─── INFORMATION SUPPLIED
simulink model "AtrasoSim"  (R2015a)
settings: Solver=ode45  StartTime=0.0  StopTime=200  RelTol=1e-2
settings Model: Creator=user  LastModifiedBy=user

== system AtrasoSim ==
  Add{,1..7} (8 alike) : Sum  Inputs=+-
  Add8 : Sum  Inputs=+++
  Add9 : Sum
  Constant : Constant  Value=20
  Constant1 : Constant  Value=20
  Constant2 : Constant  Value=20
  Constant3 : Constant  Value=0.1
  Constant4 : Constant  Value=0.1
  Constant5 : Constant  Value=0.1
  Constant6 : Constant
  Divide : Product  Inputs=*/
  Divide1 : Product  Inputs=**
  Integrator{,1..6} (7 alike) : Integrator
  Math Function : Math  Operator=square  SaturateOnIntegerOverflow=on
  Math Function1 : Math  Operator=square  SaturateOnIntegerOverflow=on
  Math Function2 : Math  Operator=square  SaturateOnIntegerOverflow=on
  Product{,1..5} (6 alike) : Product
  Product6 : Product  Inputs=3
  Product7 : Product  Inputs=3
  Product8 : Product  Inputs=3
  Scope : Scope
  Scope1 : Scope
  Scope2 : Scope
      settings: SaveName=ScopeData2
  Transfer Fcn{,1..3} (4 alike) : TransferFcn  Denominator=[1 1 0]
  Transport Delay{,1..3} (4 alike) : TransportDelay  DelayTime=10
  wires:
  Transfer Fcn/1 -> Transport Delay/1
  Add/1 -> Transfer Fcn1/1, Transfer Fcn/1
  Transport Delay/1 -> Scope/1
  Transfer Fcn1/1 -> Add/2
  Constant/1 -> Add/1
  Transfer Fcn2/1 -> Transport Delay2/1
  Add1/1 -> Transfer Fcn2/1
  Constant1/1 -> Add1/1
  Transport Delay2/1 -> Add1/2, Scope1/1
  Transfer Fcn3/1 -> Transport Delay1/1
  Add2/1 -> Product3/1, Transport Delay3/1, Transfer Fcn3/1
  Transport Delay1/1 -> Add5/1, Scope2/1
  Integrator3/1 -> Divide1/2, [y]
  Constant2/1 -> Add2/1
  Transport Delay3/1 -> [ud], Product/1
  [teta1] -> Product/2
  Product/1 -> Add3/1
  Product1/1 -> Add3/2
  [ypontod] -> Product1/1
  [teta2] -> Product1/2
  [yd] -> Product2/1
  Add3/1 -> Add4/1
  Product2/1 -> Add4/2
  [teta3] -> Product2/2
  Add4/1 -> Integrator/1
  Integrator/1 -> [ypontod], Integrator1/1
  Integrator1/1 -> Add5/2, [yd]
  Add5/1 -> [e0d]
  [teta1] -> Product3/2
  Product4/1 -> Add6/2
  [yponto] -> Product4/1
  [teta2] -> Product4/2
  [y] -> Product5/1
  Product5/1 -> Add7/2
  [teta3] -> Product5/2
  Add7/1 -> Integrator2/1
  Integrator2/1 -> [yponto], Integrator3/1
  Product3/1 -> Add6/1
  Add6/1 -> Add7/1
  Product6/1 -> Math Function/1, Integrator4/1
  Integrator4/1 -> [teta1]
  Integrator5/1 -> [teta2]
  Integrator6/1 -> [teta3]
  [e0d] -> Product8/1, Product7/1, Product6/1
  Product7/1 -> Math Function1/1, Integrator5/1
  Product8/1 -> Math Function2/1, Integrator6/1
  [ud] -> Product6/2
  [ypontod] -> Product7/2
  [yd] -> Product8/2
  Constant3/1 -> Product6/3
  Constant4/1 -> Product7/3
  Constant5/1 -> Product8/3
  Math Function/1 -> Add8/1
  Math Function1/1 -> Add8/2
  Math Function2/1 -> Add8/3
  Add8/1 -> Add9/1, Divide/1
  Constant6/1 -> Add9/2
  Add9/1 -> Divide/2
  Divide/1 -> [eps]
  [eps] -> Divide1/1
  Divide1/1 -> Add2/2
──────
**DIRECTIONS FOR THIS TASK:**
Return each line from the entries above that includes "SaturateOnIntegerOverflow".

**ANSWER:**
  Math Function : Math  Operator=square  SaturateOnIntegerOverflow=on
  Math Function1 : Math  Operator=square  SaturateOnIntegerOverflow=on
  Math Function2 : Math  Operator=square  SaturateOnIntegerOverflow=on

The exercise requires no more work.